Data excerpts
┌──
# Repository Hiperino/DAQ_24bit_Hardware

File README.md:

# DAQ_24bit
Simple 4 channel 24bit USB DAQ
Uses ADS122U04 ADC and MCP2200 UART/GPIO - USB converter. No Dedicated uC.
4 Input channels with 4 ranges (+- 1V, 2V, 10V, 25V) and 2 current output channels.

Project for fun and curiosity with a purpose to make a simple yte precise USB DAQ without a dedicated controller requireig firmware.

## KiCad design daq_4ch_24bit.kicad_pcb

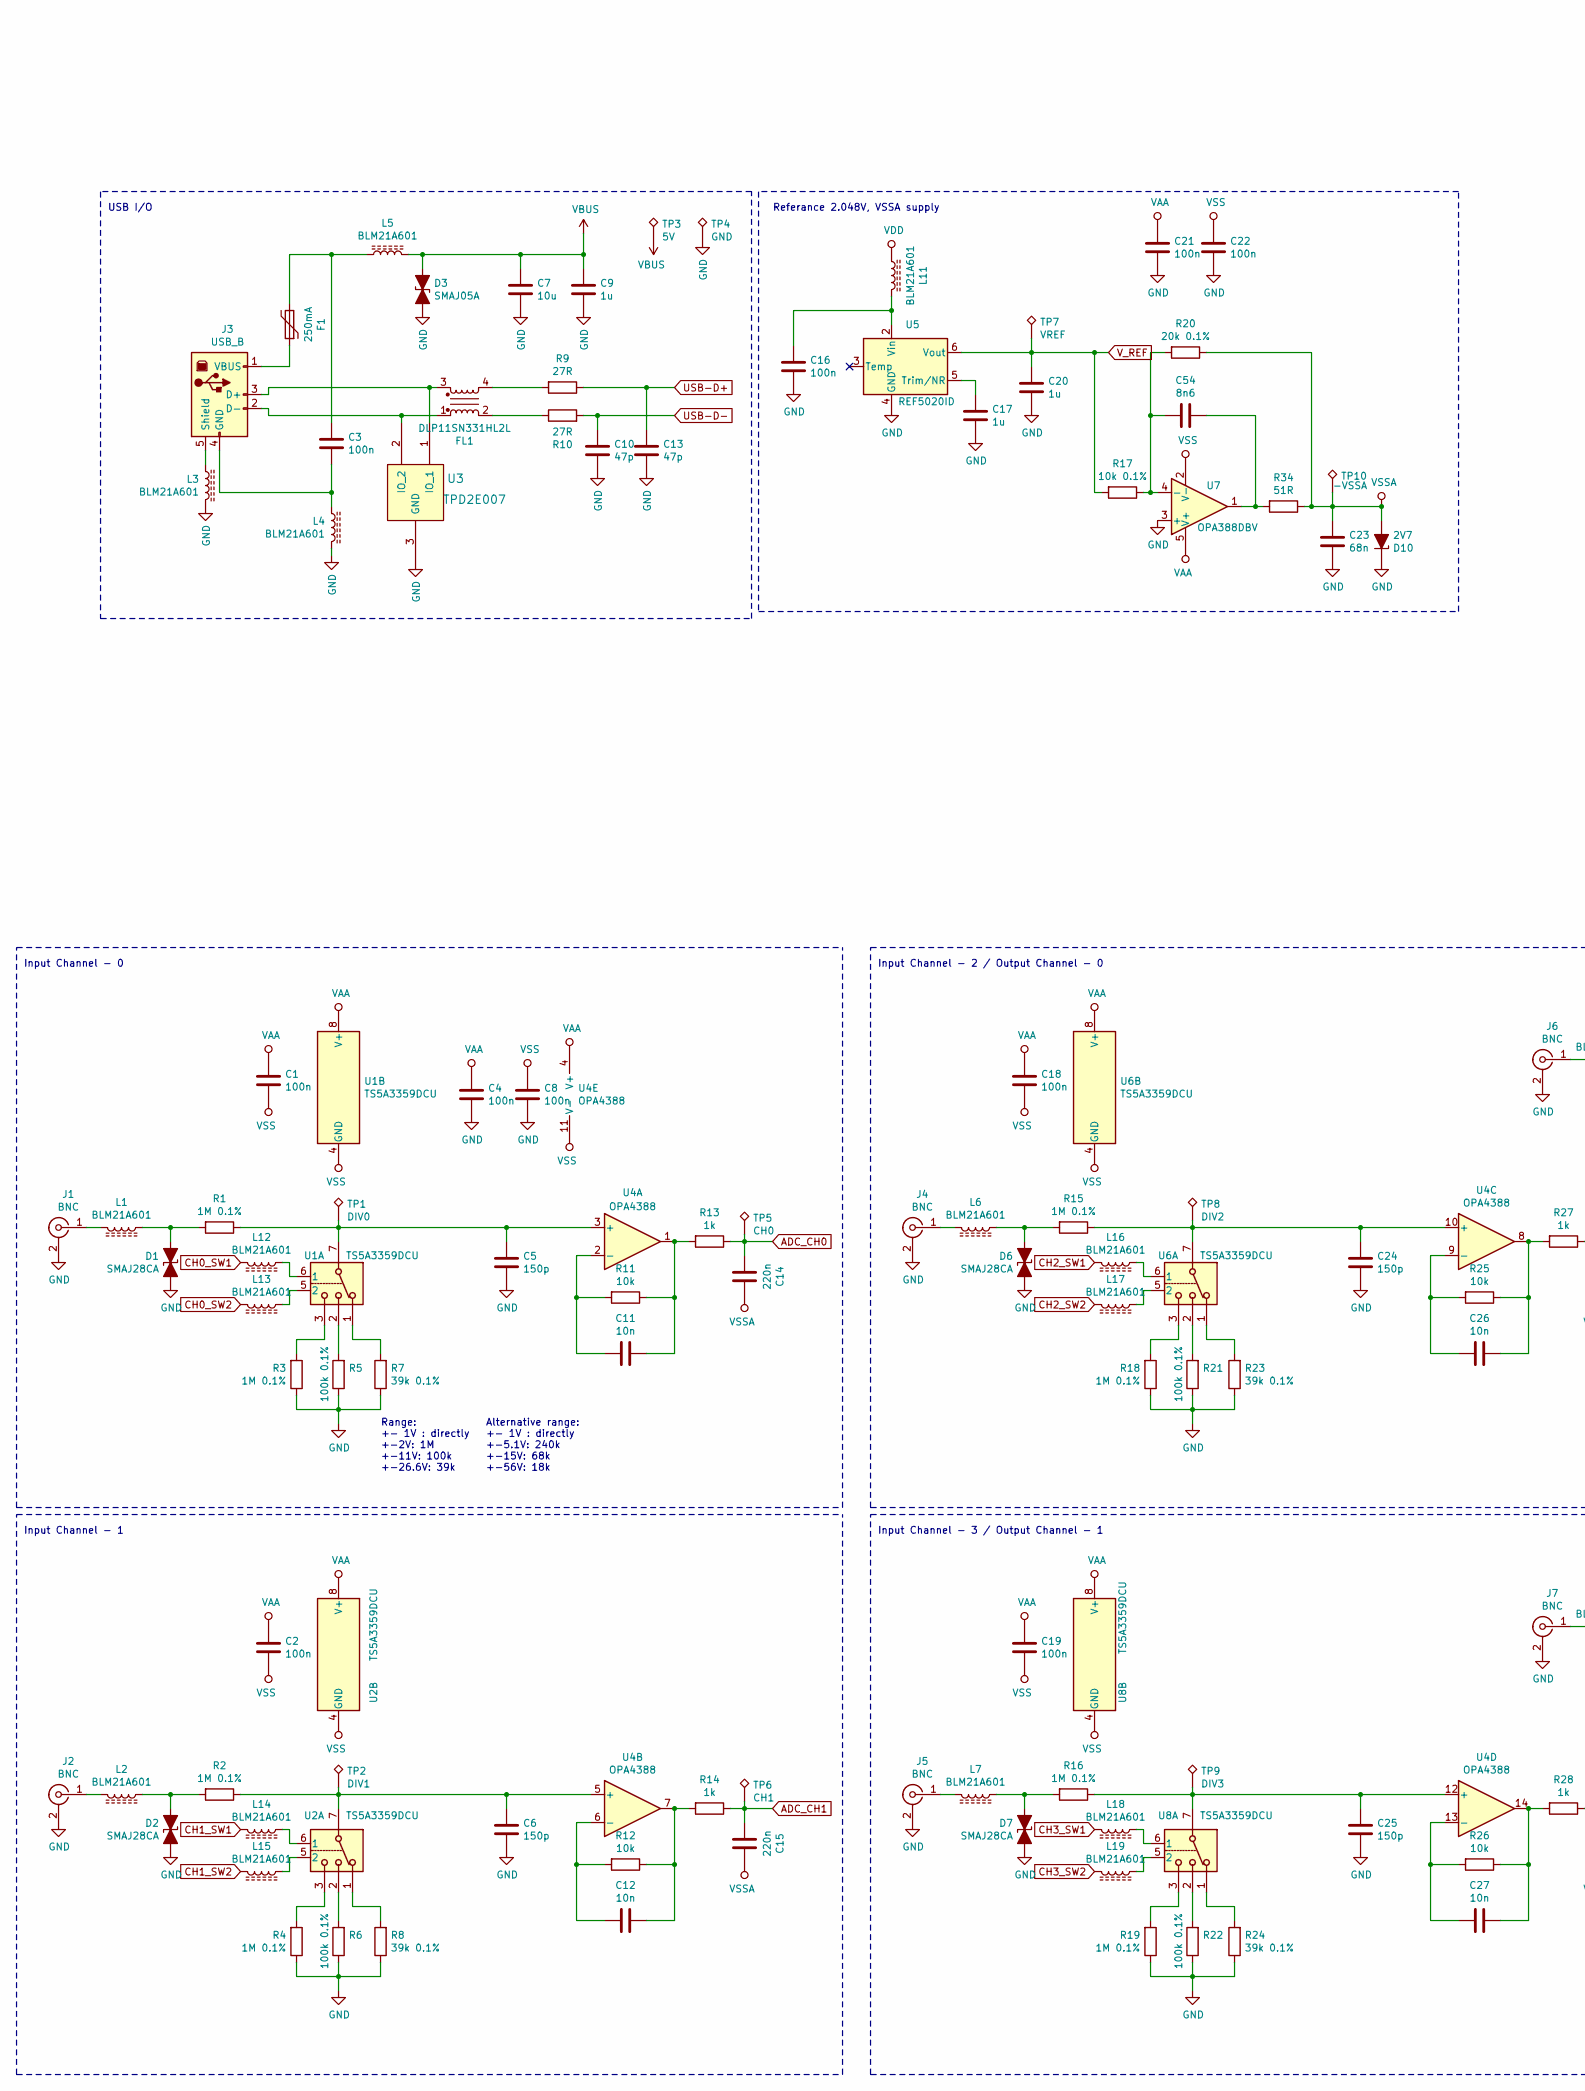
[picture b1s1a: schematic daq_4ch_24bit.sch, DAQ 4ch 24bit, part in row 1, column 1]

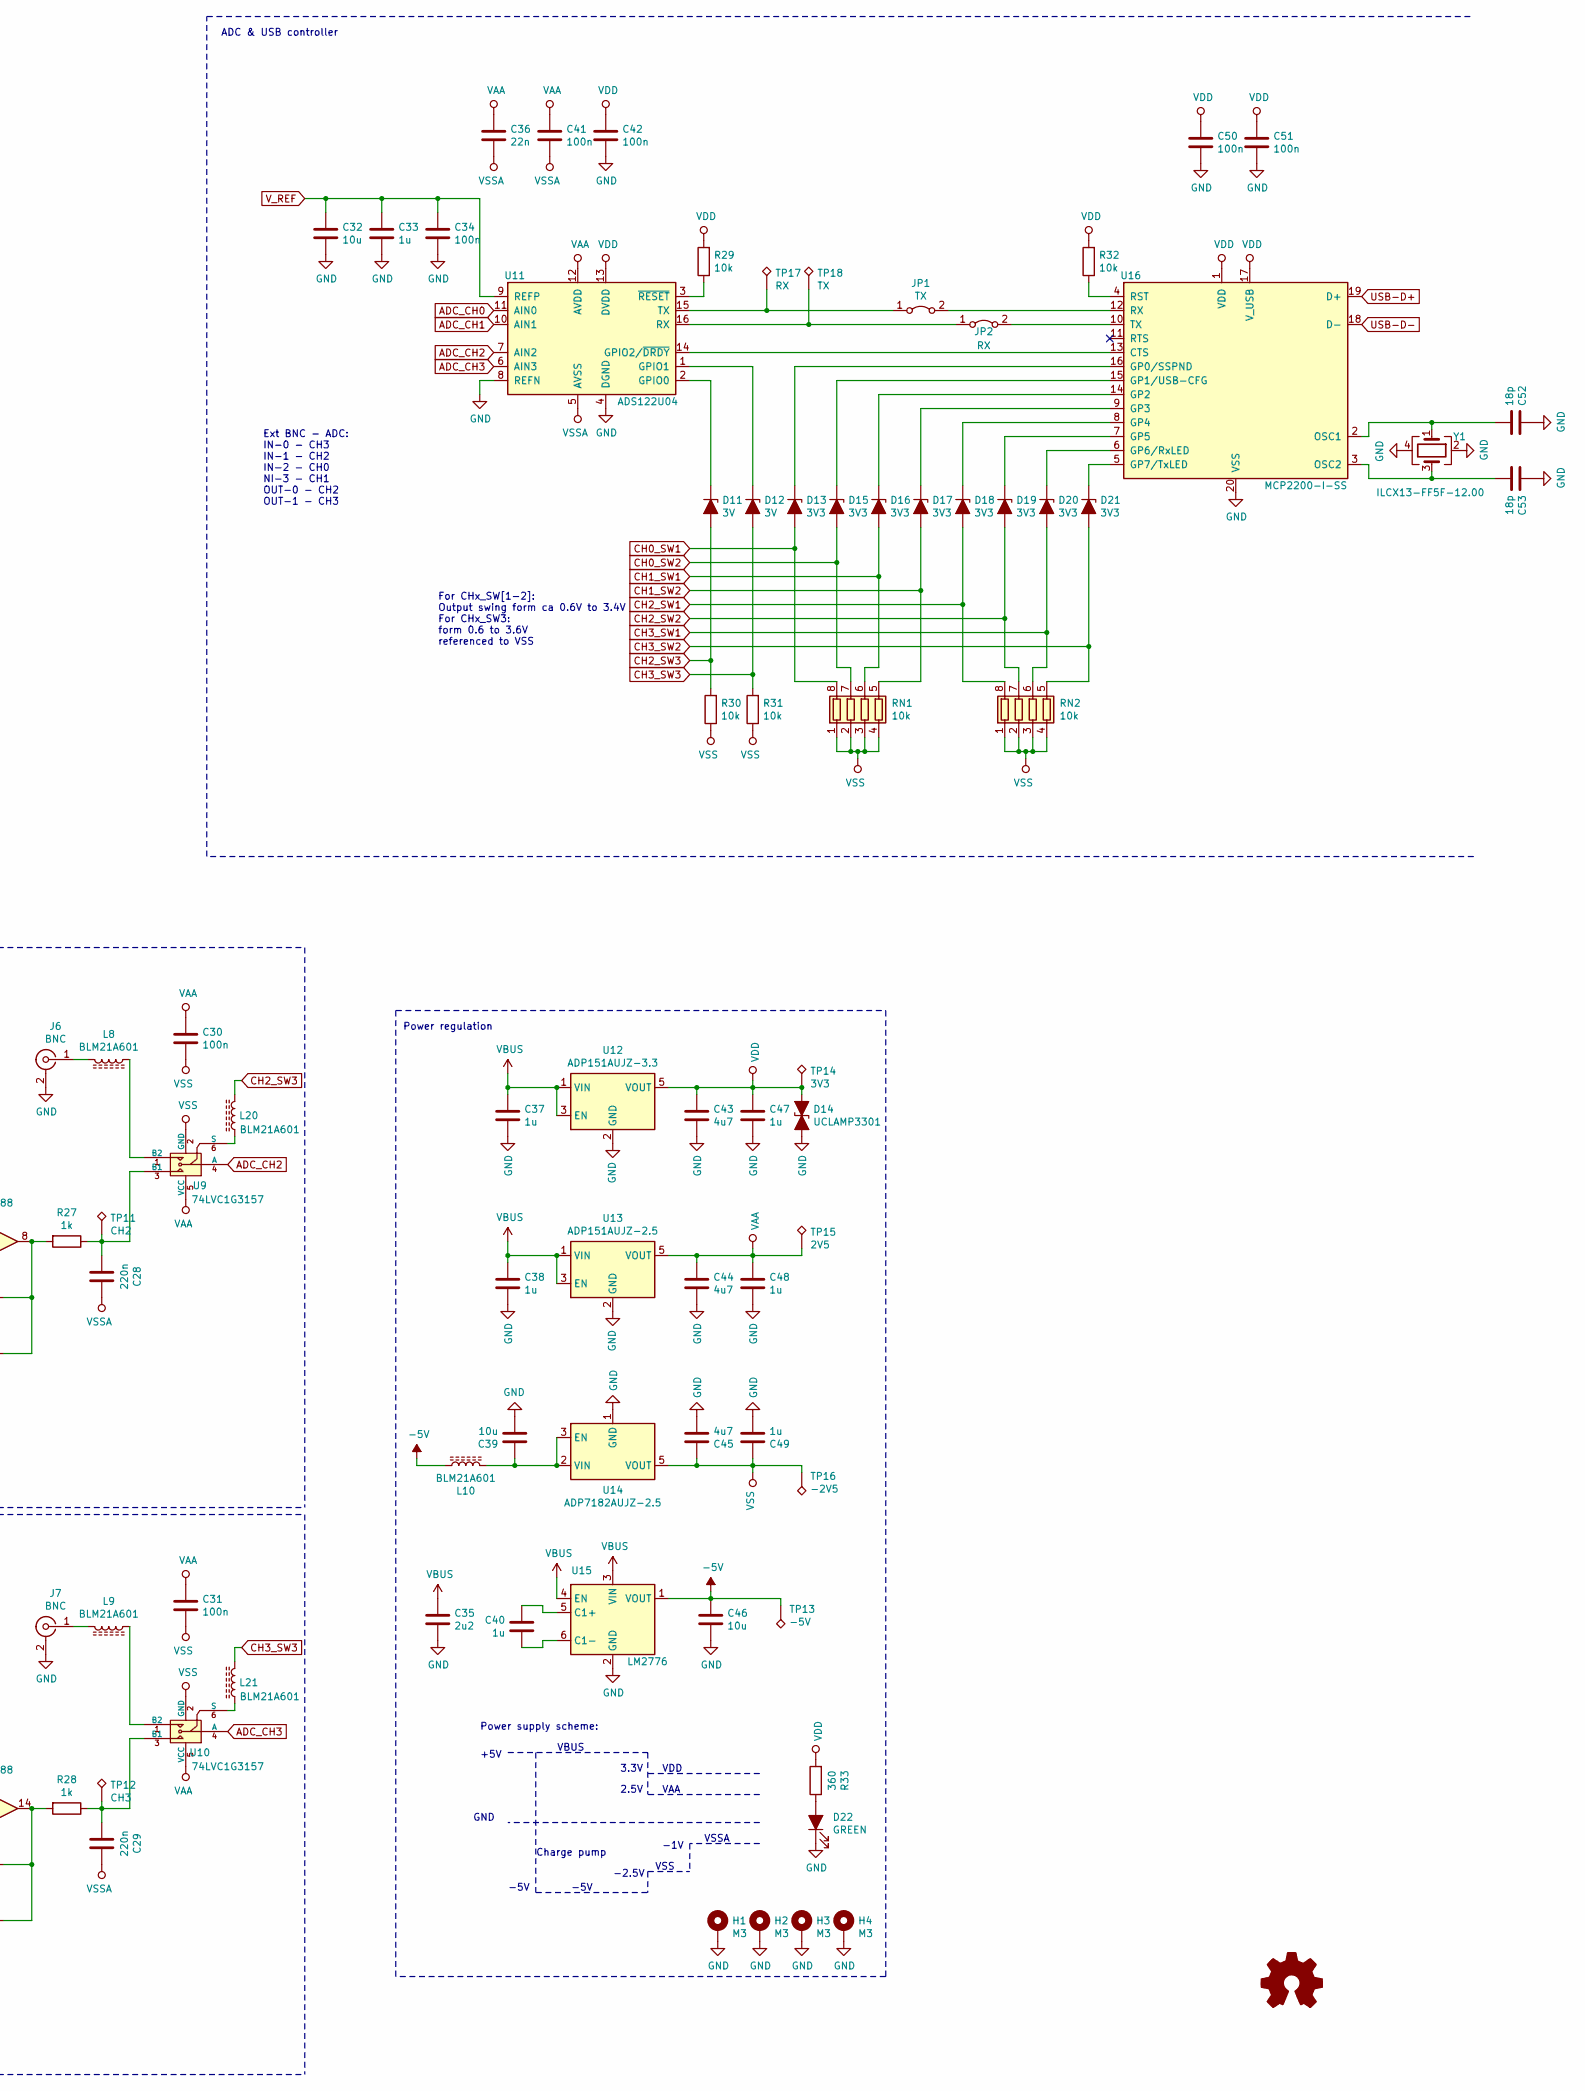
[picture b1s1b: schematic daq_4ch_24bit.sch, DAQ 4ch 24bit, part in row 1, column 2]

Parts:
C1, C2, C3, C4, C8, C16, C18, C19, C21, C22, C30, C31, C34, C41, C42, C50, C51: 100n; C_0805_2012Metric
C5, C6, C24, C25: 150p; C_0805_2012Metric
C7, C32, C39, C46: 10u; C_0805_2012Metric
C9, C17, C20, C33, C37, C38, C40, C47, C48, C49: 1u; C_0805_2012Metric
C10, C13: 47p; C_0805_2012Metric
C11, C12, C26, C27: 10n; C_0805_2012Metric
C14, C15, C28, C29: 220n; C_0805_2012Metric
C23: 68n; C_0805_2012Metric
C35: 2u2; C_0805_2012Metric
C36: 22n; C_0805_2012Metric
C43, C44, C45: 4u7; C_0805_2012Metric
C52, C53: 18p; C_0805_2012Metric
C54: 8n6; C_0805_2012Metric
D1, D2, D6, D7: SMAJ28CA; D_SMA
D3: SMAJ05A; D_SMA
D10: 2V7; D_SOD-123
└──
What this task involves:
Without including any images, output the data exactly as given.

Output below:
# Repository Hiperino/DAQ_24bit_Hardware

File README.md:

# DAQ_24bit
Simple 4 channel 24bit USB DAQ
Uses ADS122U04 ADC and MCP2200 UART/GPIO - USB converter. No Dedicated uC.
4 Input channels with 4 ranges (+- 1V, 2V, 10V, 25V) and 2 current output channels.

Project for fun and curiosity with a purpose to make a simple yte precise USB DAQ without a dedicated controller requireig firmware.

## KiCad design daq_4ch_24bit.kicad_pcb

[picture b1s1a: schematic daq_4ch_24bit.sch, DAQ 4ch 24bit, part in row 1, column 1]

[picture b1s1b: schematic daq_4ch_24bit.sch, DAQ 4ch 24bit, part in row 1, column 2]

Parts:
C1, C2, C3, C4, C8, C16, C18, C19, C21, C22, C30, C31, C34, C41, C42, C50, C51: 100n; C_0805_2012Metric
C5, C6, C24, C25: 150p; C_0805_2012Metric
C7, C32, C39, C46: 10u; C_0805_2012Metric
C9, C17, C20, C33, C37, C38, C40, C47, C48, C49: 1u; C_0805_2012Metric
C10, C13: 47p; C_0805_2012Metric
C11, C12, C26, C27: 10n; C_0805_2012Metric
C14, C15, C28, C29: 220n; C_0805_2012Metric
C23: 68n; C_0805_2012Metric
C35: 2u2; C_0805_2012Metric
C36: 22n; C_0805_2012Metric
C43, C44, C45: 4u7; C_0805_2012Metric
C52, C53: 18p; C_0805_2012Metric
C54: 8n6; C_0805_2012Metric
D1, D2, D6, D7: SMAJ28CA; D_SMA
D3: SMAJ05A; D_SMA
D10: 2V7; D_SOD-123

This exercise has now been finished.